Bitcoin traders holding between 100 and 10,000 BTC realized average daily losses of $337 million in Q1 2026, marking their worst quarter since 2022, according to Glassnode data.
Key takeaways:
- Bitcoin fell more than 20% the last time whales realized losses at a similar pace in 2022.
- Long-term holders are now also selling at a loss — a sign of capitulation that could point to further downside ahead.
Bitcoin “whales” and “sharks” have realized a combined $30.91 billion in losses so far in 2026, signaling significant capitulation among large holders.
Realized loss measures the total dollar value lost when Bitcoin is sold on-chain below its purchase price. Two major cohorts have driven this trend: “sharks,” holding 100–1,000 BTC, and “whales,” with 1,000–10,000 BTC.
In the first quarter, sharks accounted for average daily losses of $188.5 million, while whales added another $147.5 million per day.

Together, these large holders have realized approximately $30.91 billion in losses so far in 2026.
Their losses in Q1 2026 rank among the most severe on record, second only to Q2 2022, when average daily realized losses reached around $396 million.

In Q2 2022, Bitcoin’s price plunged more than 50%, followed by an additional 20% decline by year-end. The downturn was fueled by a series of major industry shocks — including the Terra collapse, the Celsius withdrawal freeze, and the failure of Three Arrows Capital — which triggered widespread panic and drained liquidity and confidence across the crypto market.

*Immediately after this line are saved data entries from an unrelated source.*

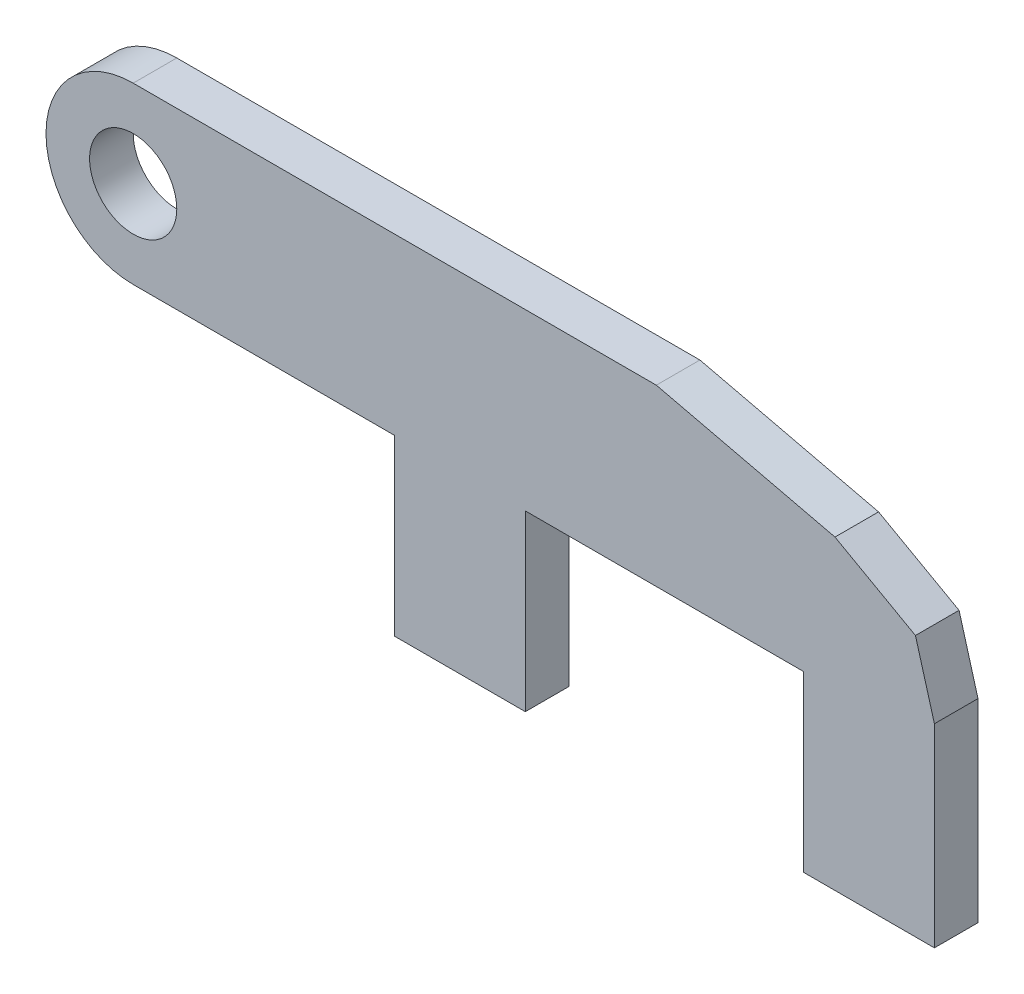
ISO-10303-21;
HEADER;
FILE_DESCRIPTION(('STEP AP214'),'2;1');
FILE_NAME('part.step','',(''),(''),'','','');
FILE_SCHEMA(('AUTOMOTIVE_DESIGN { 1 0 10303 214 1 1 1 1 }'));
ENDSEC;
DATA;
#1=APPLICATION_CONTEXT('core data for automotive mechanical design processes');
#2=APPLICATION_PROTOCOL_DEFINITION('international standard','automotive_design',2000,#1);
#3=PRODUCT_CONTEXT('',#1,'mechanical');
#4=PRODUCT('Part','Part','',(#3));
#5=PRODUCT_RELATED_PRODUCT_CATEGORY('part','',(#4));
#6=PRODUCT_DEFINITION_FORMATION('','',#4);
#7=PRODUCT_DEFINITION_CONTEXT('part definition',#1,'design');
#8=PRODUCT_DEFINITION('design','',#6,#7);
#9=PRODUCT_DEFINITION_SHAPE('','',#8);
#10=(LENGTH_UNIT() NAMED_UNIT(*) SI_UNIT(.MILLI.,.METRE.));
#11=(NAMED_UNIT(*) PLANE_ANGLE_UNIT() SI_UNIT($,.RADIAN.));
#12=(NAMED_UNIT(*) SI_UNIT($,.STERADIAN.) SOLID_ANGLE_UNIT());
#13=UNCERTAINTY_MEASURE_WITH_UNIT(LENGTH_MEASURE(1.E-05),#10,'distance_accuracy_value','');
#14=(GEOMETRIC_REPRESENTATION_CONTEXT(3) GLOBAL_UNCERTAINTY_ASSIGNED_CONTEXT((#13)) GLOBAL_UNIT_ASSIGNED_CONTEXT((#10,
#11,#12)) REPRESENTATION_CONTEXT('',''));
#15=CARTESIAN_POINT('',(0.,0.,0.));
#16=DIRECTION('',(0.,0.,1.));
#17=DIRECTION('',(1.,0.,0.));
#18=AXIS2_PLACEMENT_3D('',#15,#16,#17);
#19=CARTESIAN_POINT('',(0.,10.,5.));
#20=DIRECTION('',(0.,0.,1.));
#21=DIRECTION('',(1.,0.,0.));
#22=AXIS2_PLACEMENT_3D('',#19,#20,#21);
#23=PLANE('',#22);
#24=CARTESIAN_POINT('',(0.,10.,5.));
#25=DIRECTION('',(0.,0.,1.));
#26=DIRECTION('',(1.,0.,0.));
#27=AXIS2_PLACEMENT_3D('',#24,#25,#26);
#28=CIRCLE('',#27,10.);
#29=CARTESIAN_POINT('',(0.,20.,5.));
#30=VERTEX_POINT('',#29);
#31=CARTESIAN_POINT('',(0.,0.,5.));
#32=VERTEX_POINT('',#31);
#33=EDGE_CURVE('E186',#30,#32,#28,.T.);
#34=ORIENTED_EDGE('',*,*,#33,.T.);
#35=DIRECTION('',(1.,0.,0.));
#36=VECTOR('',#35,1.);
#37=CARTESIAN_POINT('',(29.9762595505053,0.,5.));
#38=LINE('',#37,#36);
#39=CARTESIAN_POINT('',(29.9762595505053,0.,5.));
#40=VERTEX_POINT('',#39);
#41=EDGE_CURVE('E109',#32,#40,#38,.T.);
#42=ORIENTED_EDGE('',*,*,#41,.T.);
#43=DIRECTION('',(0.,-1.,0.));
#44=VECTOR('',#43,1.);
#45=CARTESIAN_POINT('',(29.9762595505053,-19.9462860409939,5.));
#46=LINE('',#45,#44);
#47=CARTESIAN_POINT('',(29.9762595505053,-19.9462860409939,5.));
#48=VERTEX_POINT('',#47);
#49=EDGE_CURVE('E216',#40,#48,#46,.T.);
#50=ORIENTED_EDGE('',*,*,#49,.T.);
#51=DIRECTION('',(1.,0.,0.));
#52=VECTOR('',#51,1.);
#53=CARTESIAN_POINT('',(44.9762595505053,-19.9462860409939,5.));
#54=LINE('',#53,#52);
#55=CARTESIAN_POINT('',(44.9762595505053,-19.9462860409939,5.));
#56=VERTEX_POINT('',#55);
#57=EDGE_CURVE('E235',#48,#56,#54,.T.);
#58=ORIENTED_EDGE('',*,*,#57,.T.);
#59=DIRECTION('',(0.,1.,0.));
#60=VECTOR('',#59,1.);
#61=CARTESIAN_POINT('',(44.9762595505053,0.,5.));
#62=LINE('',#61,#60);
#63=CARTESIAN_POINT('',(44.9762595505053,0.,5.));
#64=VERTEX_POINT('',#63);
#65=EDGE_CURVE('E232',#56,#64,#62,.T.);
#66=ORIENTED_EDGE('',*,*,#65,.T.);
#67=DIRECTION('',(1.,0.,0.));
#68=VECTOR('',#67,1.);
#69=CARTESIAN_POINT('',(76.8969693597363,0.,5.));
#70=LINE('',#69,#68);
#71=CARTESIAN_POINT('',(76.8969693597363,0.,5.));
#72=VERTEX_POINT('',#71);
#73=EDGE_CURVE('E234',#64,#72,#70,.T.);
#74=ORIENTED_EDGE('',*,*,#73,.T.);
#75=DIRECTION('',(0.,-1.,0.));
#76=VECTOR('',#75,1.);
#77=CARTESIAN_POINT('',(76.8969693597363,-19.9462860409939,5.));
#78=LINE('',#77,#76);
#79=CARTESIAN_POINT('',(76.8969693597363,-19.9462860409939,5.));
#80=VERTEX_POINT('',#79);
#81=EDGE_CURVE('E237',#72,#80,#78,.T.);
#82=ORIENTED_EDGE('',*,*,#81,.T.);
#83=DIRECTION('',(1.,0.,0.));
#84=VECTOR('',#83,1.);
#85=CARTESIAN_POINT('',(91.8969693597363,-19.9462860409939,5.));
#86=LINE('',#85,#84);
#87=CARTESIAN_POINT('',(91.8969693597363,-19.9462860409939,5.));
#88=VERTEX_POINT('',#87);
#89=EDGE_CURVE('E243',#80,#88,#86,.T.);
#90=ORIENTED_EDGE('',*,*,#89,.T.);
#91=DIRECTION('',(0.,1.,0.));
#92=VECTOR('',#91,1.);
#93=CARTESIAN_POINT('',(91.8969693597363,2.31701265850022,5.));
#94=LINE('',#93,#92);
#95=CARTESIAN_POINT('',(91.8969693597363,2.31701265850022,5.));
#96=VERTEX_POINT('',#95);
#97=EDGE_CURVE('E245',#88,#96,#94,.T.);
#98=ORIENTED_EDGE('',*,*,#97,.T.);
#99=DIRECTION('',(-0.272160563892523,0.96225185240752,0.));
#100=VECTOR('',#99,1.);
#101=CARTESIAN_POINT('',(89.7239351774585,10.,5.));
#102=LINE('',#101,#100);
#103=CARTESIAN_POINT('',(89.7239351774585,10.,5.));
#104=VERTEX_POINT('',#103);
#105=EDGE_CURVE('E143',#96,#104,#102,.T.);
#106=ORIENTED_EDGE('',*,*,#105,.T.);
#107=DIRECTION('',(-0.872861390346621,0.487968229746736,0.));
#108=VECTOR('',#107,1.);
#109=CARTESIAN_POINT('',(80.4934253930056,15.1602643546769,5.));
#110=LINE('',#109,#108);
#111=CARTESIAN_POINT('',(80.4934253930056,15.1602643546769,5.));
#112=VERTEX_POINT('',#111);
#113=EDGE_CURVE('E137',#104,#112,#110,.T.);
#114=ORIENTED_EDGE('',*,*,#113,.T.);
#115=DIRECTION('',(-0.973228871561118,0.229838124687514,0.));
#116=VECTOR('',#115,1.);
#117=CARTESIAN_POINT('',(60.,20.,5.));
#118=LINE('',#117,#116);
#119=CARTESIAN_POINT('',(60.,20.,5.));
#120=VERTEX_POINT('',#119);
#121=EDGE_CURVE('E141',#112,#120,#118,.T.);
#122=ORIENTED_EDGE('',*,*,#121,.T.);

In 2026, Bitcoin has faced pressure from a different set of catalysts, including inflation fears tied to geopolitical tensions, concerns around quantum security, and broader strain in the AI-driven risk trade.
As a result, whales and sharks appear to be cutting losses in anticipation of further downside, increasing the likelihood of a bear market similar to 2022, with a potential bottom forming around Q4 2026.
Additional downside risk is reflected in long-term holder behavior. Data from Glassnode’s Long-Term Holder Realized Loss metric — which tracks losses from coins held for more than six months before being sold — shows losses remaining elevated at roughly $200 million per day on a 30-day average since November 2025.

“A sustained drop in realized losses to below $25 million per day would signal a clearer exhaustion of selling pressure,” Glassnode analysts said in their weekly report published Wednesday, adding:
“A prerequisite for the base formation that historically precedes a sustainable bull market transition.”
Taken together, these headwinds have strengthened expectations of a deeper Bitcoin correction, with some analysts identifying the $40,000–$50,000 range as a potential bottom.